| Data for review |
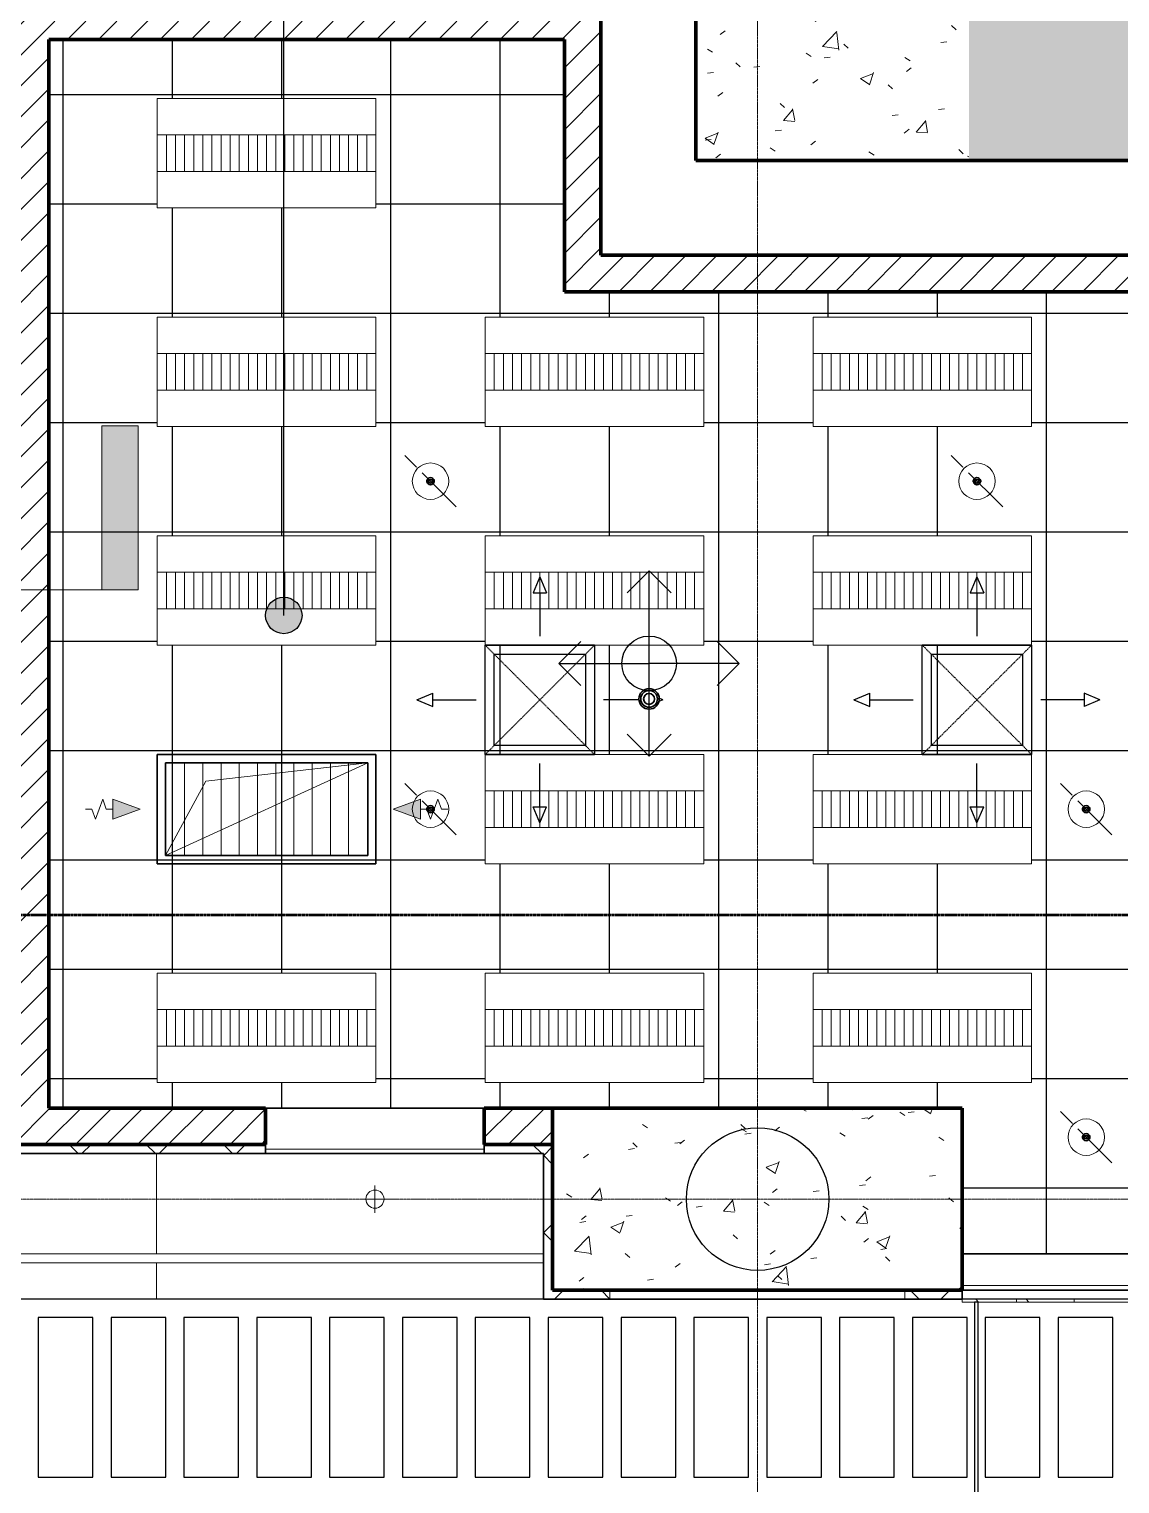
# Model space of a CAD drawing. Header units: millimetres. Extents: x -794334 to -714814, y -17806 to 22403.
# Drawn here: x -748681 to -742692, y 2016 to 10000 of the extents above; entities that cross this region are included whole.
import ezdxf
from ezdxf.xclip import XClip

# ---------------------------------------------------------------- set-up
doc = ezdxf.new("R2010")
doc.units = ezdxf.units.MM
doc.header["$XCLIPFRAME"] = 0
for name, pattern in [('DPA_Grid _ Level 100', [10, 5.5, -1.6, 1.3, -1.6]), ('Hidden', [7.2, 4.7, -2.5]), ('IMPORT-HR', [371.1242, 91.1334, -1.46606, 0, -42.10612, 236.41862, 0])]:
    doc.linetypes.add(name, pattern=pattern)
doc.layers.add('000 - WIPEOUT', color=250, linetype='Continuous')
doc.layers.add('A11_ALU.SOLID SHEET', color=2, linetype='Continuous')
for name, color, linetype, lineweight in [('A-ANNO-NOTE', 3, 'Continuous', 25), ('A-CLNG', 2, 'Continuous', 9), ('A-CLNG-PATT', 2, 'Continuous', 9), ('A-COLS', 5, 'Continuous', 70), ('A-COLS-E', 1, 'Continuous', 35), ('A-DETL-GENF', 2, 'Continuous', 9), ('A-GLAZ-CURT', 2, 'Continuous', 9), ('A-ROOM-IDEN', 3, 'Continuous', 25), ('A-WALL', 5, 'Continuous', 35), ('A-WALL-FNSH', 2, 'Continuous', 35), ('A-WALL-PATT', 1, 'Continuous', 35), ('E-FIRE', 2, 'Continuous', 35), ('E-LITE-EQPM', 2, 'Continuous', 9), ('F-SPRN', 2, 'Continuous', 35), ('G-ANNO-SECL', 3, 'Continuous', 9), ('G-IMPT', 8, 'Continuous', 35), ('M-HVAC-CDFF', 2, 'Continuous', 35), ('S-GRID', 251, 'Continuous', 9), ('WALL-E', 2, 'Continuous', 35)]:
    doc.layers.add(name, color=color, linetype=linetype, lineweight=lineweight)
pattern_1 = [(50, (0, 0), (728.7365, -63.7558), [76.2, -838.2]), (355, (0, 0), (-140.9716, 764.2276), [60.96, -670.56]), (100.451, (60.7, -5.3), (587.77, 700.46675), [64.76, -712.36]), (46.184, (0, 203.2), (1084.3162, -168.171), [114.3, -1257.3]), (96.636, (90.4, 189.2), (949.6099, 989.7098), [97.14, -1068.54]), (351.184, (0, 203.2), (949.6206, 989.7012), [91.44, -1005.84]), (21, (101.6, 152.4), (606.45787, -409.06057), [76.2, -838.2]), (326, (101.6, 152.4), (247.20834, 736.7529), [60.96, -670.56]), (71.451, (152.14, 118.3), (853.66825, 327.6855), [64.76, -712.36]), (37.5, (0, 0), (12.35469, 338.22012), [33.528, -628.904, 33.528, -647.192, -673.1]), (37.5, (0, 0), (12.35469, 338.22012), [-1343.152, 33.528, -639.572]), (7.5, (0, 0), (267.27887, 400.72213), [33.528, -354.584, 33.528, -613.664, -256.54]), (7.5, (0, 0), (267.27887, 400.72213), [-1035.304, 33.528, -223.012]), (327.5, (-226.57, 0), (542.36333, -22.91534), [33.528, -220.472, 33.528, -758.952, -1051.56]), (327.5, (-226.57, 0), (542.36333, -22.91534), [-1046.48, 33.528, -1018.032]), (317.5, (-328.17, 0), (592.51696, 101.7071), [33.528, -296.672, 33.528, -492.76, -746.76]), (317.5, (-328.17, 0), (592.51696, 101.7071), [-856.488, 33.528, -713.232])]
pattern_2 = [(45, (0, 0), (-84.852814, 84.852814), [])]
pattern_3 = [(45, (0, 0), (-212.13203, 212.13203), []), (135, (0, 0), (-212.13203, -212.13203), [])]

# ---------------------------------------------------------------- blocks, each defined once
blk = doc.blocks.new('ACM_ECS_RAGR_Return Air Grille - Rectangular - 600x1200-18491728-4252-01 ENLARGED CONCOURSE LEVEL - REFLECTED CEILING PLAN - SHEET 3')
at = {"layer": 'M-HVAC-CDFF'}
for points in [[(-845, -54.6), (-695, 0), (-845, 54.6), (-845, 29)], [(845, -54.6), (845, 54.6), (695, 0)]]:
    blk.add_hatch(color=256, dxfattribs=at).paths.add_polyline_path(points)
at = {"layer": 'A-DETL-GENF'}
for p, q in [((-450, 255), (-450, -255)), ((-350, 255), (-350, -255)), ((-250, 255), (-250, -255)), ((-150, 255), (-150, -255)), ((-50, 255), (-50, -255)), ((50, 255), (50, -255)), ((150, 255), (150, -255)), ((250, 255), (250, -255)), ((350, 255), (350, -255)), ((450, 255), (450, -255)), ((-959.7, 0), (-995, 0)), ((-920, 0), (-900.1, 54.6)), ((-880.3, 0), (-900.1, 54.6)), ((-695, 0), (-845, 54.6)), ((-845, 54.6), (-845, -54.6)), ((-695, 0), (-845, 54.6)), ((-845, 54.6), (-845, -54.6)), ((845, 54.6), (695, 0)), ((695, 0), (845, 54.6)), ((695, 0), (845, -54.6)), ((695, 0), (845, -54.6)), ((845, -54.6), (845, 54.6)), ((845, -54.6), (845, 54.6)), ((845, 0), (880, 0)), ((920, 0), (919.2, -2.2)), ((920, 0), (939.9, 54.6)), ((959.7, 0), (939.9, 54.6)), ((959.7, 0), (995, 0)), ((-959.7, 0), (-939.9, -54.6)), ((-920, 0), (-939.9, -54.6)), ((-845, 0), (-880.3, 0)), ((-845, -54.6), (-695, 0)), ((-695, 0), (-845, -54.6)), ((882.1, -5.1), (900.1, -54.6)), ((918.9, -3), (900.1, -54.6))]:
    blk.add_line(p, q, dxfattribs=at)
at = {"layer": 'M-HVAC-CDFF'}
for p, q in [((600, 300), (-600, 300)), ((-600, 300), (-600, -300)), ((-555, -255), (-555, 255)), ((-555, 255), (555, 255)), ((555, 255), (555, -255)), ((600, 300), (600, -300)), ((600, -300), (-600, -300)), ((555, -255), (-555, -255))]:
    blk.add_line(p, q, dxfattribs=at)
at = {"layer": 'M-HVAC-CDFF', "lineweight": 9}
for p, q in [((-555, -255), (555, 255)), ((-333, 153), (555, 255)), ((-555, -255), (-333, 153))]:
    blk.add_line(p, q, dxfattribs=at)
blk = doc.blocks.new('ACM_Generic Rect_Ceiling Deflection - Transfer Air-V205-4252-01 ENLARGED CONCOURSE LEVEL - REFLECTED CEILING PLAN - SHEET 3')
at = {"layer": 'M-HVAC-CDFF', "lineweight": 25}
for p, q in [((0, 675.4), (-37.1, 588)), ((0, 675.4), (37.1, 588)), ((-37.1, 588), (37.1, 588)), ((0, 588), (0, 350)), ((-300, -300), (-300, 300)), ((-300, 300), (300, 300)), ((-300, -300), (-300, 300)), ((-300, 300), (300, 300)), ((300, 300), (-300, 300)), ((-250, -250), (-250, 250)), ((-250, 250), (250, 250)), ((250, 250), (250, -250)), ((300, 300), (300, -300)), ((300, 300), (300, -300)), ((-675.4, 0), (-588, 37.1)), ((-675.4, 0), (-588, -37.1)), ((-588, -37.1), (-588, 37.1)), ((-588, 0), (-350, 0)), ((675.4, 0), (655.2, 8.6)), ((545.1, 0), (350, 0)), ((675.4, 0), (652.7, -9.7)), ((300, -300), (-300, -300)), ((300, -300), (-300, -300)), ((-300, -300), (300, -300)), ((250, -250), (-250, -250)), ((0, -588), (0, -350)), ((-37.1, -588), (37.1, -588)), ((0, -675.4), (-37.1, -588)), ((0, -675.4), (37.1, -588))]:
    blk.add_line(p, q, dxfattribs=at)
at = {"layer": 'M-HVAC-CDFF', "linetype": 'Hidden', "lineweight": 25}
for p, q in [((-300, 300), (300, -300)), ((-300, -300), (300, 300))]:
    blk.add_line(p, q, dxfattribs=at)
blk = doc.blocks.new('ACM_Generic Rect_Ceiling Deflection - Transfer Air-V206-4252-01 ENLARGED CONCOURSE LEVEL - REFLECTED CEILING PLAN - SHEET 3')
at = {"layer": 'M-HVAC-CDFF', "lineweight": 25}
for p, q in [((0, 675.4), (-37.1, 588)), ((0, 675.4), (37.1, 588)), ((-37.1, 588), (37.1, 588)), ((0, 588), (0, 350)), ((-300, -300), (-300, 300)), ((-300, 300), (300, 300)), ((-300, -300), (-300, 300)), ((-300, 300), (300, 300)), ((300, 300), (-300, 300)), ((-250, -250), (-250, 250)), ((-250, 250), (250, 250)), ((250, 250), (250, -250)), ((300, 300), (300, -300)), ((300, 300), (300, -300)), ((-675.4, 0), (-588, 37.1)), ((-675.4, 0), (-588, -37.1)), ((-588, -37.1), (-588, 37.1)), ((-588, 0), (-350, 0)), ((588, 37.1), (588, -37.1)), ((675.4, 0), (588, 37.1)), ((588, 0), (350, 0)), ((675.4, 0), (588, -37.1)), ((300, -300), (-300, -300)), ((300, -300), (-300, -300)), ((-300, -300), (300, -300)), ((250, -250), (-250, -250)), ((0, -588), (0, -350)), ((-37.1, -588), (37.1, -588)), ((0, -675.4), (-37.1, -588)), ((0, -675.4), (37.1, -588))]:
    blk.add_line(p, q, dxfattribs=at)
at = {"layer": 'M-HVAC-CDFF', "linetype": 'Hidden', "lineweight": 25}
for p, q in [((-300, 300), (300, -300)), ((-300, -300), (300, 300))]:
    blk.add_line(p, q, dxfattribs=at)
blk = doc.blocks.new('ACM_FPS_SMOK_Smoke Detector_At Ceiling - Smoke Detector at Ceiling-18534273-4252-01 ENLARGED CONCOURSE LEVEL - REFLECTED CEILING PLAN - SHEET 3')
at = {"layer": 'E-FIRE'}
for radius, start, end in [(56, 360, 180), (56, 360, 180), (56, 180, 360), (56, 180, 360), (46, 360, 180), (46, 180, 360), (30, 360, 180), (30, 180, 360)]:
    blk.add_arc((0, 0), radius, start, end, dxfattribs=at)
blk = doc.blocks.new('ACM_FPS_SPRK_Sprinkler Heat Cut Off - Drawing1_dwg_exposed spk-18530779-4252-01 ENLARGED CONCOURSE LEVEL - REFLECTED CEILING PLAN - SHEET 3')
at = {"layer": 'G-IMPT', "lineweight": 9}
blk.add_circle((0, 0), 100, dxfattribs=at)
blk = doc.blocks.new('ACM_FPS_SPRK_Sprinkler Heat Cut Off - Drawing1_dwg-18530778-4252-01 ENLARGED CONCOURSE LEVEL - REFLECTED CEILING PLAN - SHEET 3')
at = {"layer": 'G-IMPT', "linetype": 'IMPORT-HR', "lineweight": 9}
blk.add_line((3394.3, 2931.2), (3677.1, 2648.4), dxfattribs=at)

| Exercise instructions |
I need each line of the entries that holds the string "Heat" located and copied.

| Answer area |
blk = doc.blocks.new('ACM_FPS_SPRK_Sprinkler Heat Cut Off - Drawing1_dwg_exposed spk-18530779-4252-01 ENLARGED CONCOURSE LEVEL - REFLECTED CEILING PLAN - SHEET 3')
blk = doc.blocks.new('ACM_FPS_SPRK_Sprinkler Heat Cut Off - Drawing1_dwg-18530778-4252-01 ENLARGED CONCOURSE LEVEL - REFLECTED CEILING PLAN - SHEET 3')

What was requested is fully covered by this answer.